Je n'ai pas eu d'autre choix que de prendre la fuite. Ce livre est une tentative pour comprendre.
Un roman sans concession...
Lorsque son père a choisi "Eddy" comme prénom pour son fils, c'était en espérant qu'il soit fort, un homme, un vrai: couillu et viril. Au lieu de ça, Eddy Bellegueule est un garçon fluet, qui pousse des cris aigus incontrôlés, avec des manières de "filles". Cela fait de lui la risée du village, la honte de son père, la victime idéale des moqueries d'école.
Pour autant, Eddy n'est pas un être faible, s'il a conscience de sa "différence", il prend tout sur lui et a un regard lucide sur ceux qui l'entourent. Son seul tort, sa "tare" est d'aimer les hommes. Oh, il essaye de combattre cette "anomalie", il se force à agir comme le garçon que ses parents aimeraient qu'il soit: il essaye de se faire des copains, de jouer au foot, de fréquenter des filles mais sa nature le rattrape au galop et son corps, ses fantasmes se rappellent à lui.
Quelle(s) solution(s) pour Eddy Bellegueule?
 
 
Qui n'a pas encore entendu parlé de ce roman? Véritable phénomène de ces dernières semaines, je ne pouvais donc pas passer à côté. J'ai donc lu En finir avec Eddy Bellegueule, en une après-midi pour être exacte. Roman court: 219 pages, constitué de nombreux chapitres/anecdotes, c'est un livre qui se lit vite.

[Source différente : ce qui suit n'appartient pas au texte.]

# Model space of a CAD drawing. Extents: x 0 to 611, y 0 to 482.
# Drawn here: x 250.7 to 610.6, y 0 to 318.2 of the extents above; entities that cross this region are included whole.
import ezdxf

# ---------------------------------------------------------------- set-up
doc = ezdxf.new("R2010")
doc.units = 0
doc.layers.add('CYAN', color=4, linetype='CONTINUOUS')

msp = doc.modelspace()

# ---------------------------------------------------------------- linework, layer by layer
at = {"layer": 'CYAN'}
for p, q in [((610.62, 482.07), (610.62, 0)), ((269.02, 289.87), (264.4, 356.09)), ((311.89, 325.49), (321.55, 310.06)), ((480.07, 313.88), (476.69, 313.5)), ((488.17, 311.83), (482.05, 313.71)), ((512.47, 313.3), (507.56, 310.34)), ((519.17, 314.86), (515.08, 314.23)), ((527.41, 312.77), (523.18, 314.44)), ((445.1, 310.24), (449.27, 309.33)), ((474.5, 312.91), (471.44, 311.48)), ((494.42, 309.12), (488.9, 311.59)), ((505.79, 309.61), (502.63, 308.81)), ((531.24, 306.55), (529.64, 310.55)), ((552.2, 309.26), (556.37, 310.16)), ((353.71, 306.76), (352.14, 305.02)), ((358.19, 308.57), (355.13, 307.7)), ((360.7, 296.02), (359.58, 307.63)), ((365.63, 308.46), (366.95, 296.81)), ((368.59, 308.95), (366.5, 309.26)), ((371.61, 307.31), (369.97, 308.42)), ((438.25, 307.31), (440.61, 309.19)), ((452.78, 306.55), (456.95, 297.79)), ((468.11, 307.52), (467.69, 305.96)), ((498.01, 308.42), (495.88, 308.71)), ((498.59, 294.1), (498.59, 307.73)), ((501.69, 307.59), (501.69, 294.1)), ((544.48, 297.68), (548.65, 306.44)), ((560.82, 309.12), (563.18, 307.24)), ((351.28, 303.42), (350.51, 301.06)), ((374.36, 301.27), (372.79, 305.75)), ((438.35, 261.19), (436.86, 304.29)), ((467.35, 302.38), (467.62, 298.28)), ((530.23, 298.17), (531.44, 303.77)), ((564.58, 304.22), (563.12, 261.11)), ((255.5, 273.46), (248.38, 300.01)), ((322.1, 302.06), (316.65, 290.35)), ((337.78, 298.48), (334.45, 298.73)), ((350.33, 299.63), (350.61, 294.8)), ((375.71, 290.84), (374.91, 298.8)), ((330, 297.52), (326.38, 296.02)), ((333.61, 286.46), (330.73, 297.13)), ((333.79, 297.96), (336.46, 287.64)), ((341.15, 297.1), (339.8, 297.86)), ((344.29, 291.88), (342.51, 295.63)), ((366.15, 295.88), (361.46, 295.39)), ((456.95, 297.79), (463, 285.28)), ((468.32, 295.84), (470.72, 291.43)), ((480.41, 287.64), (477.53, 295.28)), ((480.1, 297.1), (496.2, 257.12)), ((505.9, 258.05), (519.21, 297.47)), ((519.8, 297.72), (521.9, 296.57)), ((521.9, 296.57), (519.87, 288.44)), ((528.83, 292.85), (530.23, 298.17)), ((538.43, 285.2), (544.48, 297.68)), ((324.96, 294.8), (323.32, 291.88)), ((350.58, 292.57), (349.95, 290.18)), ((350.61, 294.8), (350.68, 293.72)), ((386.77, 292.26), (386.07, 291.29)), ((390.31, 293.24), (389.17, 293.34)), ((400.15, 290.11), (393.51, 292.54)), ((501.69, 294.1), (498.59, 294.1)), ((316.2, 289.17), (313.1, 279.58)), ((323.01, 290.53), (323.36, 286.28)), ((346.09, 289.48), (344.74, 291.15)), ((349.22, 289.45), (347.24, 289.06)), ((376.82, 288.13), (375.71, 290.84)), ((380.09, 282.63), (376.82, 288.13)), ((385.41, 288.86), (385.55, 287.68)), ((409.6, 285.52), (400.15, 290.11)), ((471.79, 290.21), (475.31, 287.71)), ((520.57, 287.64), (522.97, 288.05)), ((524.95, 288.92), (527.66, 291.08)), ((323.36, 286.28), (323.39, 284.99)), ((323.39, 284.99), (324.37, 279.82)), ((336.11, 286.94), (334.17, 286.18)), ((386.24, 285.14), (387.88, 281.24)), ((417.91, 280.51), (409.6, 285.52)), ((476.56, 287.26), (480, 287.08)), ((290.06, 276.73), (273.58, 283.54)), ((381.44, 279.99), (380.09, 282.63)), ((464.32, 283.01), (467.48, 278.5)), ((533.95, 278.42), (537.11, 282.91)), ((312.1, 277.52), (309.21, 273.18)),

Je n'ai pas voulu me laisser influencer par ce qu'on a pu dire sur l'auteur ou sur son contenu, aussi, je l'ai lu sans a priori.
C'est un roman actuel, abordant le sujet de l'homosexualité sans concession, sans détour, crûment, abruptement. Un roman qui peut heurter parfois tant les détails sont "poussés", un roman brut, qui n'épargne personne ni les parents ni Eddy lui-même. Eddy qui se raconte sans détour, qui va jusqu'à raconter ses humiliations, ses pensées les plus intimes, même celles que l'on penserait inavouables.
Si l'on pourrait penser à un roman sans pudeur, je l'ai surtout vu comme un roman cathartique. Certains pourraient être mal à l'aise, se sentir comme des voyeurs, je pense que ce que voulait surtout Edouard Louis, c'est que le lecteur se sente comme Eddy au moment des faits, qu'il ressente l'écœurement, la dualité des sentiments, les malaises, les odeurs...
Cependant, si le fond ne m'a pas dérangée, l'écriture elle, me pose davantage de soucis, j'ai parfois eu du mal avec le style de l'auteur qui, sur certaines scènes, porte son regard d'homme et non celui de l'enfant qu'il était alors (comme la scène de la grange...). Cependant, je pense avoir compris l'essence de ce livre et pourquoi il a fait tant couler d'encre autour de lui: En finir avec Eddy Bellegueule est en effet un roman bouleversant d'honnêteté et c'est ce que je retiendrai de cette lecture.